** Records excerpted from a collection **
++++++

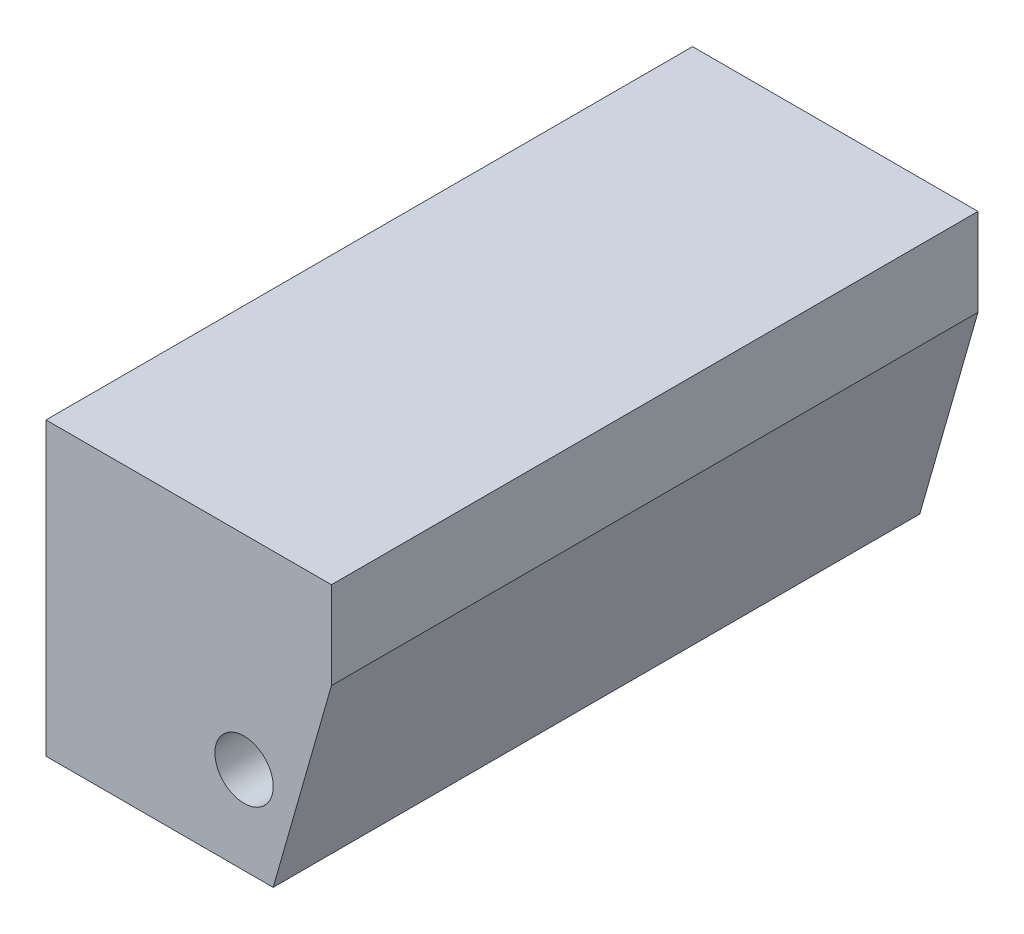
ISO-10303-21;
HEADER;
FILE_DESCRIPTION(('STEP AP214'),'2;1');
FILE_NAME('part.step','',(''),(''),'','','');
FILE_SCHEMA(('AUTOMOTIVE_DESIGN { 1 0 10303 214 1 1 1 1 }'));
ENDSEC;
DATA;
#1=APPLICATION_CONTEXT('core data for automotive mechanical design processes');
#2=APPLICATION_PROTOCOL_DEFINITION('international standard','automotive_design',2000,#1);
#3=PRODUCT_CONTEXT('',#1,'mechanical');
#4=PRODUCT('Part','Part','',(#3));
#5=PRODUCT_RELATED_PRODUCT_CATEGORY('part','',(#4));
#6=PRODUCT_DEFINITION_FORMATION('','',#4);
#7=PRODUCT_DEFINITION_CONTEXT('part definition',#1,'design');
#8=PRODUCT_DEFINITION('design','',#6,#7);
#9=PRODUCT_DEFINITION_SHAPE('','',#8);
#10=(LENGTH_UNIT() NAMED_UNIT(*) SI_UNIT(.MILLI.,.METRE.));
#11=(NAMED_UNIT(*) PLANE_ANGLE_UNIT() SI_UNIT($,.RADIAN.));
#12=(NAMED_UNIT(*) SI_UNIT($,.STERADIAN.) SOLID_ANGLE_UNIT());
#13=UNCERTAINTY_MEASURE_WITH_UNIT(LENGTH_MEASURE(1.E-05),#10,'distance_accuracy_value','');
#14=(GEOMETRIC_REPRESENTATION_CONTEXT(3) GLOBAL_UNCERTAINTY_ASSIGNED_CONTEXT((#13)) GLOBAL_UNIT_ASSIGNED_CONTEXT((#10,
#11,#12)) REPRESENTATION_CONTEXT('',''));
#15=CARTESIAN_POINT('',(0.,0.,0.));
#16=DIRECTION('',(0.,0.,1.));
#17=DIRECTION('',(1.,0.,0.));
#18=AXIS2_PLACEMENT_3D('',#15,#16,#17);
#19=CARTESIAN_POINT('',(0.,50.,0.));
#20=DIRECTION('',(1.,0.,0.));
#21=DIRECTION('',(0.,0.,-1.));
#22=AXIS2_PLACEMENT_3D('',#19,#20,#21);
#23=PLANE('',#22);
#24=DIRECTION('',(0.,0.,1.));
#25=VECTOR('',#24,1.);
#26=CARTESIAN_POINT('',(0.,0.,0.));
#27=LINE('',#26,#25);
#28=CARTESIAN_POINT('',(0.,0.,-111.));
#29=VERTEX_POINT('',#28);
#30=CARTESIAN_POINT('',(0.,0.,0.));
#31=VERTEX_POINT('',#30);
#32=EDGE_CURVE('E113',#29,#31,#27,.T.);
#33=ORIENTED_EDGE('',*,*,#32,.T.);
#34=DIRECTION('',(0.,-1.,0.));
#35=VECTOR('',#34,1.);
#36=CARTESIAN_POINT('',(0.,50.,0.));
#37=LINE('',#36,#35);
#38=CARTESIAN_POINT('',(0.,50.,0.));
#39=VERTEX_POINT('',#38);
#40=EDGE_CURVE('E41',#39,#31,#37,.T.);
#41=ORIENTED_EDGE('',*,*,#40,.F.);
#42=DIRECTION('',(0.,0.,1.));
#43=VECTOR('',#42,1.);
#44=CARTESIAN_POINT('',(0.,50.,0.));
#45=LINE('',#44,#43);
#46=CARTESIAN_POINT('',(0.,50.,-111.));
#47=VERTEX_POINT('',#46);
#48=EDGE_CURVE('E111',#47,#39,#45,.T.);
#49=ORIENTED_EDGE('',*,*,#48,.F.);
#50=DIRECTION('',(0.,-1.,0.));
#51=VECTOR('',#50,1.);
#52=CARTESIAN_POINT('',(0.,50.,-111.));
#53=LINE('',#52,#51);
#54=EDGE_CURVE('E106',#47,#29,#53,.T.);
#55=ORIENTED_EDGE('',*,*,#54,.T.);
#56=EDGE_LOOP('',(#33,#41,#49,#55));
#57=FACE_BOUND('',#56,.T.);
#58=ADVANCED_FACE('F33',(#57),#23,.F.);
#59=CARTESIAN_POINT('',(0.,50.,0.));
#60=DIRECTION('',(0.,0.,-1.));
#61=DIRECTION('',(-1.,0.,0.));
#62=AXIS2_PLACEMENT_3D('',#59,#60,#61);
#63=PLANE('',#62);
#64=CARTESIAN_POINT('',(34.,15.,0.));
#65=DIRECTION('',(0.,0.,1.));
#66=DIRECTION('',(1.,0.,0.));
#67=AXIS2_PLACEMENT_3D('',#64,#65,#66);
#68=CIRCLE('',#67,5.005);
#69=CARTESIAN_POINT('',(39.005,15.,0.));
#70=VERTEX_POINT('',#69);
#71=EDGE_CURVE('E121',#70,#70,#68,.T.);
#72=ORIENTED_EDGE('',*,*,#71,.F.);
#73=EDGE_LOOP('',(#72));
#74=FACE_BOUND('',#73,.T.);
#75=DIRECTION('',(1.,0.,0.));
#76=VECTOR('',#75,1.);
#77=CARTESIAN_POINT('',(0.,0.,0.));
#78=LINE('',#77,#76);
#79=CARTESIAN_POINT('',(39.,0.,0.));
#80=VERTEX_POINT('',#79);
#81=EDGE_CURVE('E99',#31,#80,#78,.T.);
#82=ORIENTED_EDGE('',*,*,#81,.T.);
#83=DIRECTION('',(-0.274721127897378,-0.961523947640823,0.));
#84=VECTOR('',#83,1.);
#85=CARTESIAN_POINT('',(49.,35.,0.));
#86=LINE('',#85,#84);
#87=CARTESIAN_POINT('',(49.,35.,0.));
#88=VERTEX_POINT('',#87);
#89=EDGE_CURVE('E47',#88,#80,#86,.T.);
#90=ORIENTED_EDGE('',*,*,#89,.F.);
#91=DIRECTION('',(0.,-1.,0.));
#92=VECTOR('',#91,1.);
#93=CARTESIAN_POINT('',(49.,50.,0.));
#94=LINE('',#93,#92);
#95=CARTESIAN_POINT('',(49.,50.,0.));
#96=VERTEX_POINT('',#95);
#97=EDGE_CURVE('E97',#96,#88,#94,.T.);
#98=ORIENTED_EDGE('',*,*,#97,.F.);
#99=DIRECTION('',(1.,0.,0.));
#100=VECTOR('',#99,1.);
#101=CARTESIAN_POINT('',(0.,50.,0.));
#102=LINE('',#101,#100);
#103=EDGE_CURVE('E79',#39,#96,#102,.T.);
#104=ORIENTED_EDGE('',*,*,#103,.F.);
#105=ORIENTED_EDGE('',*,*,#40,.T.);
#106=EDGE_LOOP('',(#82,#90,#98,#104,#105));
#107=FACE_BOUND('',#106,.T.);
#108=ADVANCED_FACE('F96',(#74,#107),#63,.F.);
#109=CARTESIAN_POINT('',(49.,50.,0.));
#110=DIRECTION('',(-1.,0.,0.));
#111=DIRECTION('',(0.,0.,1.));
#112=AXIS2_PLACEMENT_3D('',#109,#110,#111);
#113=PLANE('',#112);
#114=ORIENTED_EDGE('',*,*,#97,.T.);
#115=DIRECTION('',(0.,0.,1.));
#116=VECTOR('',#115,1.);
#117=CARTESIAN_POINT('',(49.,35.,-125.5));
#118=LINE('',#117,#116);
#119=CARTESIAN_POINT('',(49.,35.,-111.));
#120=VERTEX_POINT('',#119);
#121=EDGE_CURVE('E87',#120,#88,#118,.T.);
#122=ORIENTED_EDGE('',*,*,#121,.F.);
#123=DIRECTION('',(0.,-1.,0.));
#124=VECTOR('',#123,1.);
#125=CARTESIAN_POINT('',(49.,50.,-111.));
#126=LINE('',#125,#124);
#127=CARTESIAN_POINT('',(49.,50.,-111.));
#128=VERTEX_POINT('',#127);
#129=EDGE_CURVE('E103',#128,#120,#126,.T.);
#130=ORIENTED_EDGE('',*,*,#129,.F.);
#131=DIRECTION('',(0.,0.,-1.));
#132=VECTOR('',#131,1.);
#133=CARTESIAN_POINT('',(49.,50.,0.));
#134=LINE('',#133,#132);
#135=EDGE_CURVE('E102',#96,#128,#134,.T.);
#136=ORIENTED_EDGE('',*,*,#135,.F.);
#137=EDGE_LOOP('',(#114,#122,#130,#136));
#138=FACE_BOUND('',#137,.T.);
#139=ADVANCED_FACE('F101',(#138),#113,.F.);
#140=CARTESIAN_POINT('',(0.,50.,-111.));
#141=DIRECTION('',(0.,0.,1.));
#142=DIRECTION('',(1.,0.,0.));
#143=AXIS2_PLACEMENT_3D('',#140,#141,#142);
#144=PLANE('',#143);
#145=CARTESIAN_POINT('',(34.,15.,-111.));
#146=DIRECTION('',(0.,0.,1.));
#147=DIRECTION('',(1.,0.,0.));
#148=AXIS2_PLACEMENT_3D('',#145,#146,#147);
#149=CIRCLE('',#148,5.005);
#150=CARTESIAN_POINT('',(39.005,15.,-111.));
#151=VERTEX_POINT('',#150);
#152=EDGE_CURVE('E36',#151,#151,#149,.T.);
#153=ORIENTED_EDGE('',*,*,#152,.T.);
#154=EDGE_LOOP('',(#153));
#155=FACE_BOUND('',#154,.T.);
#156=ORIENTED_EDGE('',*,*,#129,.T.);
#157=DIRECTION('',(-0.274721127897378,-0.961523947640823,0.));
#158=VECTOR('',#157,1.);
#159=CARTESIAN_POINT('',(49.2641509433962,35.9245283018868,-111.));
#160=LINE('',#159,#158);
#161=CARTESIAN_POINT('',(39.,0.,-111.));
#162=VERTEX_POINT('',#161);
#163=EDGE_CURVE('E89',#120,#162,#160,.T.);
#164=ORIENTED_EDGE('',*,*,#163,.T.);
#165=DIRECTION('',(-1.,0.,0.));
#166=VECTOR('',#165,1.);
#167=CARTESIAN_POINT('',(0.,0.,-111.));
#168=LINE('',#167,#166);
#169=EDGE_CURVE('E71',#162,#29,#168,.T.);
#170=ORIENTED_EDGE('',*,*,#169,.T.);
#171=ORIENTED_EDGE('',*,*,#54,.F.);
#172=DIRECTION('',(-1.,0.,0.));
#173=VECTOR('',#172,1.);
#174=CARTESIAN_POINT('',(0.,50.,-111.));
#175=LINE('',#174,#173);
#176=EDGE_CURVE('E56',#128,#47,#175,.T.);
#177=ORIENTED_EDGE('',*,*,#176,.F.);
#178=EDGE_LOOP('',(#156,#164,#170,#171,#177));
#179=FACE_BOUND('',#178,.T.);
#180=ADVANCED_FACE('F128',(#155,#179),#144,.F.);
#181=CARTESIAN_POINT('',(0.,50.,0.));
#182=DIRECTION('',(0.,-1.,0.));
#183=DIRECTION('',(0.,0.,-1.));
#184=AXIS2_PLACEMENT_3D('',#181,#182,#183);
#185=PLANE('',#184);
#186=ORIENTED_EDGE('',*,*,#48,.T.);
#187=ORIENTED_EDGE('',*,*,#103,.T.);
#188=ORIENTED_EDGE('',*,*,#135,.T.);
#189=ORIENTED_EDGE('',*,*,#176,.T.);
#190=EDGE_LOOP('',(#186,#187,#188,#189));
#191=FACE_BOUND('',#190,.T.);
#192=ADVANCED_FACE('F148',(#191),#185,.F.);
#193=CARTESIAN_POINT('',(0.,0.,0.));
#194=DIRECTION('',(0.,-1.,0.));
#195=DIRECTION('',(0.,0.,-1.));
#196=AXIS2_PLACEMENT_3D('',#193,#194,#195);
#197=PLANE('',#196);
#198=DIRECTION('',(0.,0.,-1.));
#199=VECTOR('',#198,1.);
#200=CARTESIAN_POINT('',(39.,0.,0.));
#201=LINE('',#200,#199);
#202=EDGE_CURVE('E11',#80,#162,#201,.T.);
#203=ORIENTED_EDGE('',*,*,#202,.F.);
#204=ORIENTED_EDGE('',*,*,#81,.F.);
#205=ORIENTED_EDGE('',*,*,#32,.F.);
#206=ORIENTED_EDGE('',*,*,#169,.F.);
#207=EDGE_LOOP('',(#203,#204,#205,#206));
#208=FACE_BOUND('',#207,.T.);
#209=ADVANCED_FACE('F136',(#208),#197,.T.);
#210=CARTESIAN_POINT('',(49.,35.,-125.5));
#211=DIRECTION('',(-0.961523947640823,0.274721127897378,0.));
#212=DIRECTION('',(-0.274721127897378,-0.961523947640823,0.));
#213=AXIS2_PLACEMENT_3D('',#210,#211,#212);
#214=PLANE('',#213);
#215=ORIENTED_EDGE('',*,*,#121,.T.);
#216=ORIENTED_EDGE('',*,*,#89,.T.);
#217=ORIENTED_EDGE('',*,*,#202,.T.);
#218=ORIENTED_EDGE('',*,*,#163,.F.);
#219=EDGE_LOOP('',(#215,#216,#217,#218));
#220=FACE_BOUND('',#219,.T.);
#221=ADVANCED_FACE('F88',(#220),#214,.F.);
#222=CARTESIAN_POINT('',(34.,15.,-125.5));
#223=DIRECTION('',(0.,0.,1.));
#224=DIRECTION('',(1.,0.,0.));
#225=AXIS2_PLACEMENT_3D('',#222,#223,#224);
#226=CYLINDRICAL_SURFACE('',#225,5.005);
#227=ORIENTED_EDGE('',*,*,#71,.T.);
#228=EDGE_LOOP('',(#227));
#229=FACE_BOUND('',#228,.T.);
#230=ORIENTED_EDGE('',*,*,#152,.F.);
#231=EDGE_LOOP('',(#230));
#232=FACE_BOUND('',#231,.T.);
#233=ADVANCED_FACE('F130',(#229,#232),#226,.F.);
#234=CLOSED_SHELL('',(#58,#108,#139,#180,#192,#209,#221,#233));
#235=MANIFOLD_SOLID_BREP('B2',#234);
#236=ADVANCED_BREP_SHAPE_REPRESENTATION('',(#18,#235),#14);
#237=SHAPE_DEFINITION_REPRESENTATION(#9,#236);
ENDSEC;
END-ISO-10303-21;

++++++

** WHAT YOU NEED TO DO **
The answer is the lines above between the line holding "#135=EDGE_CURVE('E102',#96,#128,#134,.T.);" and the line holding "#161=CARTESIAN_POINT('',(39.,0.,-111.));", inclusive, each written out exactly, and no others.

** WORKED SOLUTION **
#135=EDGE_CURVE('E102',#96,#128,#134,.T.);
#136=ORIENTED_EDGE('',*,*,#135,.F.);
#137=EDGE_LOOP('',(#114,#122,#130,#136));
#138=FACE_BOUND('',#137,.T.);
#139=ADVANCED_FACE('F101',(#138),#113,.F.);
#140=CARTESIAN_POINT('',(0.,50.,-111.));
#141=DIRECTION('',(0.,0.,1.));
#142=DIRECTION('',(1.,0.,0.));
#143=AXIS2_PLACEMENT_3D('',#140,#141,#142);
#144=PLANE('',#143);
#145=CARTESIAN_POINT('',(34.,15.,-111.));
#146=DIRECTION('',(0.,0.,1.));
#147=DIRECTION('',(1.,0.,0.));
#148=AXIS2_PLACEMENT_3D('',#145,#146,#147);
#149=CIRCLE('',#148,5.005);
#150=CARTESIAN_POINT('',(39.005,15.,-111.));
#151=VERTEX_POINT('',#150);
#152=EDGE_CURVE('E36',#151,#151,#149,.T.);
#153=ORIENTED_EDGE('',*,*,#152,.T.);
#154=EDGE_LOOP('',(#153));
#155=FACE_BOUND('',#154,.T.);
#156=ORIENTED_EDGE('',*,*,#129,.T.);
#157=DIRECTION('',(-0.274721127897378,-0.961523947640823,0.));
#158=VECTOR('',#157,1.);
#159=CARTESIAN_POINT('',(49.2641509433962,35.9245283018868,-111.));
#160=LINE('',#159,#158);
#161=CARTESIAN_POINT('',(39.,0.,-111.));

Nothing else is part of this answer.